■ **Your assignment**
Going line by line through the entries, count those containing "Overload" and state only the result.

■ **Material supplied**
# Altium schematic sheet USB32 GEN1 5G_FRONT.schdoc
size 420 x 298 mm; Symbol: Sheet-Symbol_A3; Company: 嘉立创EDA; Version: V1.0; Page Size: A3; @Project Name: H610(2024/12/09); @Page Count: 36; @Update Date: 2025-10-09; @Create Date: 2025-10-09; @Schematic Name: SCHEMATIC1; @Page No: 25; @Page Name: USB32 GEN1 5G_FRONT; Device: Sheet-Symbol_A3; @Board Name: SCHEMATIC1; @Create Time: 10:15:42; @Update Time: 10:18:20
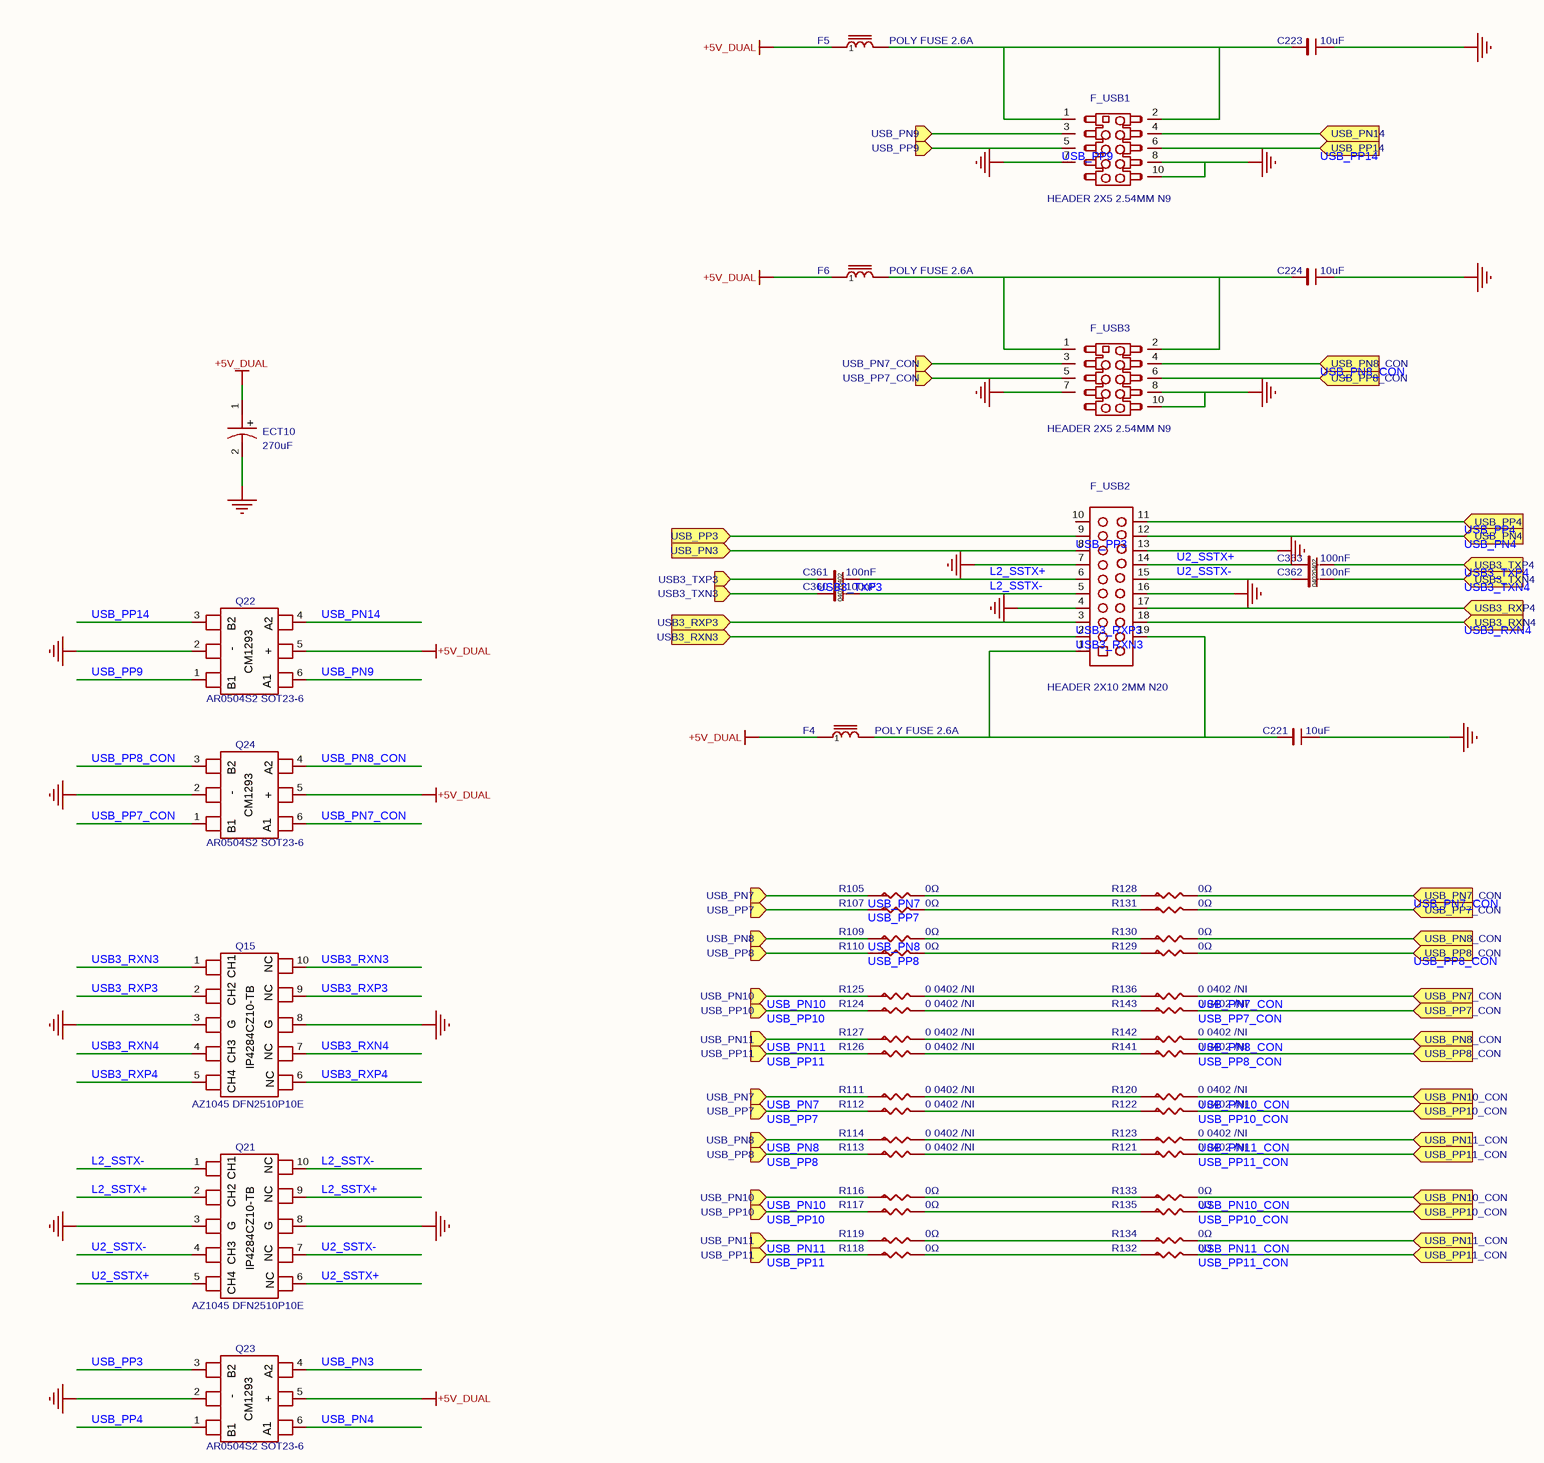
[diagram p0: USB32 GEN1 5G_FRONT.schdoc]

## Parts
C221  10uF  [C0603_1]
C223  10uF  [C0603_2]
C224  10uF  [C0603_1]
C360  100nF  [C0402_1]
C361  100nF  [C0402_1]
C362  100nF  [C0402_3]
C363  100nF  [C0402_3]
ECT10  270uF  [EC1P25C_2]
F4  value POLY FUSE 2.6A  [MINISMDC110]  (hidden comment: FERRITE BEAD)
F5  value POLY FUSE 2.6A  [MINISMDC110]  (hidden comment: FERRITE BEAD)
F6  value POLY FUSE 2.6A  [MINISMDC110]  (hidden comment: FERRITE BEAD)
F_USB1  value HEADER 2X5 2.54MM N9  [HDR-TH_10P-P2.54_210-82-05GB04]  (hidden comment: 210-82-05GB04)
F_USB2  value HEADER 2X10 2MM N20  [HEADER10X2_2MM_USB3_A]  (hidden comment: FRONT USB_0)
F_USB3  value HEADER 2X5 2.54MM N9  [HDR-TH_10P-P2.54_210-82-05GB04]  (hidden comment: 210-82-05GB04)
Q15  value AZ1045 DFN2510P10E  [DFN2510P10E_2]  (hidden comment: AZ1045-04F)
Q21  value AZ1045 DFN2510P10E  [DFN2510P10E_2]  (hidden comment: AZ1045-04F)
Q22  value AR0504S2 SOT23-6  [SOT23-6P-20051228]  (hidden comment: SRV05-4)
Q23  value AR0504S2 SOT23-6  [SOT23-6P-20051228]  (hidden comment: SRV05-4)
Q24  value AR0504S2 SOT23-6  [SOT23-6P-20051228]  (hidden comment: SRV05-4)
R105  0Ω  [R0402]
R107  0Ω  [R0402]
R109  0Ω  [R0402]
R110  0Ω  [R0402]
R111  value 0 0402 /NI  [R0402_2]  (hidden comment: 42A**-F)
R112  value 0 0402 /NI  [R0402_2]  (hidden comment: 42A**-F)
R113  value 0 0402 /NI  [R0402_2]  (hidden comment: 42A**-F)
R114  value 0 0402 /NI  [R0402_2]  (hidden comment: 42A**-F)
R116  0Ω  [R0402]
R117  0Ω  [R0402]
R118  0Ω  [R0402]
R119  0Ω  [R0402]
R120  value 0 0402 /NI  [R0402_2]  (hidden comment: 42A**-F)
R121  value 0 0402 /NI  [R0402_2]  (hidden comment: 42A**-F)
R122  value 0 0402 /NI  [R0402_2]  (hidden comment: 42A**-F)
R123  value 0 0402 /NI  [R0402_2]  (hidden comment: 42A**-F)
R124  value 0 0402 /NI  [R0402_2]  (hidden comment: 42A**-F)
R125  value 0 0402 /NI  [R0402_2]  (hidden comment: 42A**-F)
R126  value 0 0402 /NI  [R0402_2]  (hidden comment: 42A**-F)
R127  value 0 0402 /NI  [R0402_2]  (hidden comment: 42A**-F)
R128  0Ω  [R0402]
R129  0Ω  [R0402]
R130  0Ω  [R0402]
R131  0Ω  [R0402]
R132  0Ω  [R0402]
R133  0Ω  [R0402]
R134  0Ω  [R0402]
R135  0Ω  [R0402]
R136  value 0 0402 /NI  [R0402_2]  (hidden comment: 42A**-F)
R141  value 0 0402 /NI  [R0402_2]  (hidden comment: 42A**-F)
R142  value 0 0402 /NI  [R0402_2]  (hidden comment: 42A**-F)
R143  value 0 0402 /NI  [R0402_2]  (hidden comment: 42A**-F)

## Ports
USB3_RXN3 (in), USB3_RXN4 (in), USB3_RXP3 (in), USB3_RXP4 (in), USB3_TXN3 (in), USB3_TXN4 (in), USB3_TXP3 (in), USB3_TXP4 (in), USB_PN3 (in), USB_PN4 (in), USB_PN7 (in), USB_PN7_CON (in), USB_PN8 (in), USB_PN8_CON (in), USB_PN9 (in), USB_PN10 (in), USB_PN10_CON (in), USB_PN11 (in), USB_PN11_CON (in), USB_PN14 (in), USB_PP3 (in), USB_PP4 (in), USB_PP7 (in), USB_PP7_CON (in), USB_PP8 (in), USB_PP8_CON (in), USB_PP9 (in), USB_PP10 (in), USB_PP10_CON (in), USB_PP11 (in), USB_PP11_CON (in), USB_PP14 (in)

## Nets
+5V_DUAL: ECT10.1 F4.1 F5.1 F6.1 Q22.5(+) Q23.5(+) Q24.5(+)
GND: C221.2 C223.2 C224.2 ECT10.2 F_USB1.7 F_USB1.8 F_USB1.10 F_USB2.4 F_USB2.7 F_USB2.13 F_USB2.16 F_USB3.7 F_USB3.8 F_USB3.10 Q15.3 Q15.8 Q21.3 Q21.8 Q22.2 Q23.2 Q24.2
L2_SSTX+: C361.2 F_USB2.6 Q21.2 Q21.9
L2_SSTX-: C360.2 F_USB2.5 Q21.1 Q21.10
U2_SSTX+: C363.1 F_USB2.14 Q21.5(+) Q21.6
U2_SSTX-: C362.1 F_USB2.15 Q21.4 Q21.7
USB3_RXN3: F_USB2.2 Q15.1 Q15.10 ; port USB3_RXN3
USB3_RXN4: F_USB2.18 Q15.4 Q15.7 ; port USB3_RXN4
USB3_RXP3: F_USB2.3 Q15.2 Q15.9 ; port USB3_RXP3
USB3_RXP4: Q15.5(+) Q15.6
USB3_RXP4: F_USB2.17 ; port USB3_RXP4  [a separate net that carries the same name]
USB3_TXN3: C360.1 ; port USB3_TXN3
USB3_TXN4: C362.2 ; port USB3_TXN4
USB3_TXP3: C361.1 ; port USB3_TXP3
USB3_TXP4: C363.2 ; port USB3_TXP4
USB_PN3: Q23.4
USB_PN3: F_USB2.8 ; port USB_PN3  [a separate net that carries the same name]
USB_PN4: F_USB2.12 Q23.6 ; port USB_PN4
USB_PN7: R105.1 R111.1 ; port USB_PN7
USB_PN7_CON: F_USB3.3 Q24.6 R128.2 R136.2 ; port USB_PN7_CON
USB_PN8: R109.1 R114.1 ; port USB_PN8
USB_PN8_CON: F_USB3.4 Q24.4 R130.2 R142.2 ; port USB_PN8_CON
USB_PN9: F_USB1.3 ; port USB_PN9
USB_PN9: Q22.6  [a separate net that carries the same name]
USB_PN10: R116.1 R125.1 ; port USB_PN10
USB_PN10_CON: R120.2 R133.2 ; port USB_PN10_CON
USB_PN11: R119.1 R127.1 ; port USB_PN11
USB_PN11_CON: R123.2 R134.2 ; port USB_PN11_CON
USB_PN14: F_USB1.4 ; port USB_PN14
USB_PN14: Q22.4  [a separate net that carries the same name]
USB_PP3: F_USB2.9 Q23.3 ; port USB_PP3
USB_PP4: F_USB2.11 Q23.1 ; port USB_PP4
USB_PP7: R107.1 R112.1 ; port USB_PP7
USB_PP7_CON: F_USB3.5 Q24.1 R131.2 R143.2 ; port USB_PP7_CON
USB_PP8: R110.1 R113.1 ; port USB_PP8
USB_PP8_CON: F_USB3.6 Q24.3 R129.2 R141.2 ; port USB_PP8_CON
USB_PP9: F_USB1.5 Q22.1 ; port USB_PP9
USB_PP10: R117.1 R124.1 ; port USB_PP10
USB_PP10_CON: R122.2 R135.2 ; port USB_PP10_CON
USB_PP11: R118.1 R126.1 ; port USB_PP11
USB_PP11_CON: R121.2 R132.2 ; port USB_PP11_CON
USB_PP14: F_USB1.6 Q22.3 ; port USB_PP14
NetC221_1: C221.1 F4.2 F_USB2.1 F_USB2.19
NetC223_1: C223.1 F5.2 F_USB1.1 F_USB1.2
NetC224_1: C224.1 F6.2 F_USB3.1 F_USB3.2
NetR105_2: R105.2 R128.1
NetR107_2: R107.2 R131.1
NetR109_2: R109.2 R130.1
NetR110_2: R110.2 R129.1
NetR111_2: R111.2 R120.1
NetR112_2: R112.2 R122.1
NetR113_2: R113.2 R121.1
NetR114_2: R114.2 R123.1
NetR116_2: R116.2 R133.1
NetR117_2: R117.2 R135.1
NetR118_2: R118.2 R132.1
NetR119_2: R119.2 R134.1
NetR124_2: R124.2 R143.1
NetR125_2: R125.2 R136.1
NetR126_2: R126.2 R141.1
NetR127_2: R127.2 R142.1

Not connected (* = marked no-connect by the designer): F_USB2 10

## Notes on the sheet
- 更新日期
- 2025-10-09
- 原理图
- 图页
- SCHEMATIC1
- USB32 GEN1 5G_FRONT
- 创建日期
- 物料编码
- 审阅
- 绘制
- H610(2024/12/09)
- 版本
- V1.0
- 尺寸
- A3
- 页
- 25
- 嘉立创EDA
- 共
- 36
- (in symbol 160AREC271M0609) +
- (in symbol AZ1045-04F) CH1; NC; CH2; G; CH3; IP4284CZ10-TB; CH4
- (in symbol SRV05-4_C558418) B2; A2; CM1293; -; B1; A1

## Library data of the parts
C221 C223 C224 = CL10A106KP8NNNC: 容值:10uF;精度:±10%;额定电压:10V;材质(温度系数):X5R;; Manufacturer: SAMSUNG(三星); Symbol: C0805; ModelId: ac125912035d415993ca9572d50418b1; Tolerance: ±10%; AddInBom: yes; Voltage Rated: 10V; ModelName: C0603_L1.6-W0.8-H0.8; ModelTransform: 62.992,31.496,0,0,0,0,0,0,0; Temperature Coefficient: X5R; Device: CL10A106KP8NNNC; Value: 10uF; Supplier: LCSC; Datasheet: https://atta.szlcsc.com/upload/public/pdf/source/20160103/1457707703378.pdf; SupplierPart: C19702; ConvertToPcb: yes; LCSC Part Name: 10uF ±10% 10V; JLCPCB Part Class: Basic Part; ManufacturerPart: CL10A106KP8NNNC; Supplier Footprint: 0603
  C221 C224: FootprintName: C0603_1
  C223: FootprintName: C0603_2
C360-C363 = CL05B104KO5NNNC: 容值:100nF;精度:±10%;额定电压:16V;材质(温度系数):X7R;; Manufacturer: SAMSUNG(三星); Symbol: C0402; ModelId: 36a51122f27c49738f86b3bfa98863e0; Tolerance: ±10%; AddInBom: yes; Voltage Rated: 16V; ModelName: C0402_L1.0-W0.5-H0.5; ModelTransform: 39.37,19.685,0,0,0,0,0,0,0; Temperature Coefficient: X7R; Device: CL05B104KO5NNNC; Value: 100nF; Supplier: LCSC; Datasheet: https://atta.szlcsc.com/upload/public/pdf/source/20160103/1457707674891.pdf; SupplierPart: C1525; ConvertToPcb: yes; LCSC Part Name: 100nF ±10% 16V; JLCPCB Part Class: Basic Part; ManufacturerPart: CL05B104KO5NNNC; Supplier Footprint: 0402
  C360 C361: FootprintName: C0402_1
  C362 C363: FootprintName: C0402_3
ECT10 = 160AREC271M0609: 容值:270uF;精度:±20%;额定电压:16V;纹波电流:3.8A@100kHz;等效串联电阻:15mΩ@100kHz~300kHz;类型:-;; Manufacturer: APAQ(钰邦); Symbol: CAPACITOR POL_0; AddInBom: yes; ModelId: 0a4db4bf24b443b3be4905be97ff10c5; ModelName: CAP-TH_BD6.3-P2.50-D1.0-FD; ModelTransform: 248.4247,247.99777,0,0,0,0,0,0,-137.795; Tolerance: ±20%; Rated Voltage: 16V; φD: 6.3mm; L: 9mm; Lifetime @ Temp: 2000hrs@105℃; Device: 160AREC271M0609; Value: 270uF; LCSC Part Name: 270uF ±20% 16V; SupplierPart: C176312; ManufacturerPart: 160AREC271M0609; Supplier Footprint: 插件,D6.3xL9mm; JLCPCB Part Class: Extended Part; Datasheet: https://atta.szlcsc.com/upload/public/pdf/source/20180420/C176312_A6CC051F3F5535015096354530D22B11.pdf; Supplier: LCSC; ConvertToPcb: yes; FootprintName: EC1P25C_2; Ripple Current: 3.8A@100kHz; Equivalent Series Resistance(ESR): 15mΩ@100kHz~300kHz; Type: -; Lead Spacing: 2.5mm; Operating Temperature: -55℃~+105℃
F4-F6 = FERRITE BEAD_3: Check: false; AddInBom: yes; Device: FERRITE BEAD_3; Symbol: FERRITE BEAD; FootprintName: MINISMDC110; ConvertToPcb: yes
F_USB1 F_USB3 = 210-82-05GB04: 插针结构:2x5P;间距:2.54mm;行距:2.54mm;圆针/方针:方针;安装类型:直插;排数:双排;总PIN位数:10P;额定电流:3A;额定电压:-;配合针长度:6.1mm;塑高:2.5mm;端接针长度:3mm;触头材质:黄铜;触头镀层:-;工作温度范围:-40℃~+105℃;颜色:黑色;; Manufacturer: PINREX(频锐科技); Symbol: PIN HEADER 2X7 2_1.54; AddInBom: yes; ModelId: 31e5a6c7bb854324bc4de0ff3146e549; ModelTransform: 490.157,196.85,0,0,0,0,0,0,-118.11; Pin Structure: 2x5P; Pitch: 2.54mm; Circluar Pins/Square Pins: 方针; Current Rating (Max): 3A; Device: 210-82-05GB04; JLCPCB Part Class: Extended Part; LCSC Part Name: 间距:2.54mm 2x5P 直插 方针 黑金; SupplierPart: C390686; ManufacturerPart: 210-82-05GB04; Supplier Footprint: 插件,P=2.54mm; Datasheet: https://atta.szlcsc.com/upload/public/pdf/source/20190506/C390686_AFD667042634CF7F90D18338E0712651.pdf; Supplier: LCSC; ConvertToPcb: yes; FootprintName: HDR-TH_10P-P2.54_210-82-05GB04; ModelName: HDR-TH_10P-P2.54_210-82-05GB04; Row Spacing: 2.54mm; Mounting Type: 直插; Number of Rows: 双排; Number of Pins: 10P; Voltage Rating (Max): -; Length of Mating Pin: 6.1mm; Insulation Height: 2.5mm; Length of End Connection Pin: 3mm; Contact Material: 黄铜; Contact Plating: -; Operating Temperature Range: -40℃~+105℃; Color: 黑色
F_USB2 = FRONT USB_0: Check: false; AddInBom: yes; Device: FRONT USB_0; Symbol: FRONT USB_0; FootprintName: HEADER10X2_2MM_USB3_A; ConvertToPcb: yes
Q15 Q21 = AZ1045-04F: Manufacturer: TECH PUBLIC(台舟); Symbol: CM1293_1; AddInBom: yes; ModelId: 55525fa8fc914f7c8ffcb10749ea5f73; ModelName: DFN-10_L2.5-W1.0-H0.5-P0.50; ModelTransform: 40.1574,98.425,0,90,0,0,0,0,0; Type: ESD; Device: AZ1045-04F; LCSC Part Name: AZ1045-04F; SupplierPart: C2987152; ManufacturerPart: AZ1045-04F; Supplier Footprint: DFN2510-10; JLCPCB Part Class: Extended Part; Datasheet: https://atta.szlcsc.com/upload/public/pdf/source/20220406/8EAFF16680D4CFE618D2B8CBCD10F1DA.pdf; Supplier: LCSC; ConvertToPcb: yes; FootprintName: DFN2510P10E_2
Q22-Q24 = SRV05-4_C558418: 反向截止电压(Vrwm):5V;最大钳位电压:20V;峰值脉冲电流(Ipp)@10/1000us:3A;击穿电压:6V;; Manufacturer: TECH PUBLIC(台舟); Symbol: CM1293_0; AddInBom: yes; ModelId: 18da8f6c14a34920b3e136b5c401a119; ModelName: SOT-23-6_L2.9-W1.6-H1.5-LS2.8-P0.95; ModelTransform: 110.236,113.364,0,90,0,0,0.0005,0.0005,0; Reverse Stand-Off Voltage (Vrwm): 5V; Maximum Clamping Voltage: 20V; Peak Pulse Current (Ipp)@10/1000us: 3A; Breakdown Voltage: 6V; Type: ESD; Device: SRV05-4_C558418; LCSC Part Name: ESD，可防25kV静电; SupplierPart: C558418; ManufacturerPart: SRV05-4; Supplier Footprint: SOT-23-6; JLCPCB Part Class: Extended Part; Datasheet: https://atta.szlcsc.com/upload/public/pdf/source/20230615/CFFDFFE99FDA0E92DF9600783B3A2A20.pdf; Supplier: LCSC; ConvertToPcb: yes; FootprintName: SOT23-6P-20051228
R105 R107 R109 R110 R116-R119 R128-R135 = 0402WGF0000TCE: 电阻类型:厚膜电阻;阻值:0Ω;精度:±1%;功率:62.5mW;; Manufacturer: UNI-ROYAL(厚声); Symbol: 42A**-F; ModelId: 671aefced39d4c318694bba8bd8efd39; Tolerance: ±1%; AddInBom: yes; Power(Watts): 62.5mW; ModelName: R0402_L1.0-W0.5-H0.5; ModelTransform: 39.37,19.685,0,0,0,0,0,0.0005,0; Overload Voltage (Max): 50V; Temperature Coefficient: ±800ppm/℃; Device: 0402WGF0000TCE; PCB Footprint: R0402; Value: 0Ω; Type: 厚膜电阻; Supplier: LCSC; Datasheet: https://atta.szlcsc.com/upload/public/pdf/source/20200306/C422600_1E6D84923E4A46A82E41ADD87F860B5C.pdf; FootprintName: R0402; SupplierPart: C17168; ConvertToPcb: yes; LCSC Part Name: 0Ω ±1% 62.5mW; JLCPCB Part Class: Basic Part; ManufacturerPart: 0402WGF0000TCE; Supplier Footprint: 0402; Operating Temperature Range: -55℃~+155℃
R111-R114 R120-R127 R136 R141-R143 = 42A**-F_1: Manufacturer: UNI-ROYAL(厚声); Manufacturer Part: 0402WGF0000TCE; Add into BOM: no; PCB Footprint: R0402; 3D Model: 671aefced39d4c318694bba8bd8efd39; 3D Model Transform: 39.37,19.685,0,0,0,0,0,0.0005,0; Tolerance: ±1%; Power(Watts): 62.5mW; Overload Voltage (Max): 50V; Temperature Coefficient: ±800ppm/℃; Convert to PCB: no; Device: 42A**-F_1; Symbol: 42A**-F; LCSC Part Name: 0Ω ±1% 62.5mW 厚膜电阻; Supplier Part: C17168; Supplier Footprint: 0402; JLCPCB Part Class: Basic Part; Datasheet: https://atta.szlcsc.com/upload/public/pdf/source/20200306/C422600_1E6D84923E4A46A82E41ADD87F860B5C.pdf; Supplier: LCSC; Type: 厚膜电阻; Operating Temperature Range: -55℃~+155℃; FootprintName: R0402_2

■ **Response**
2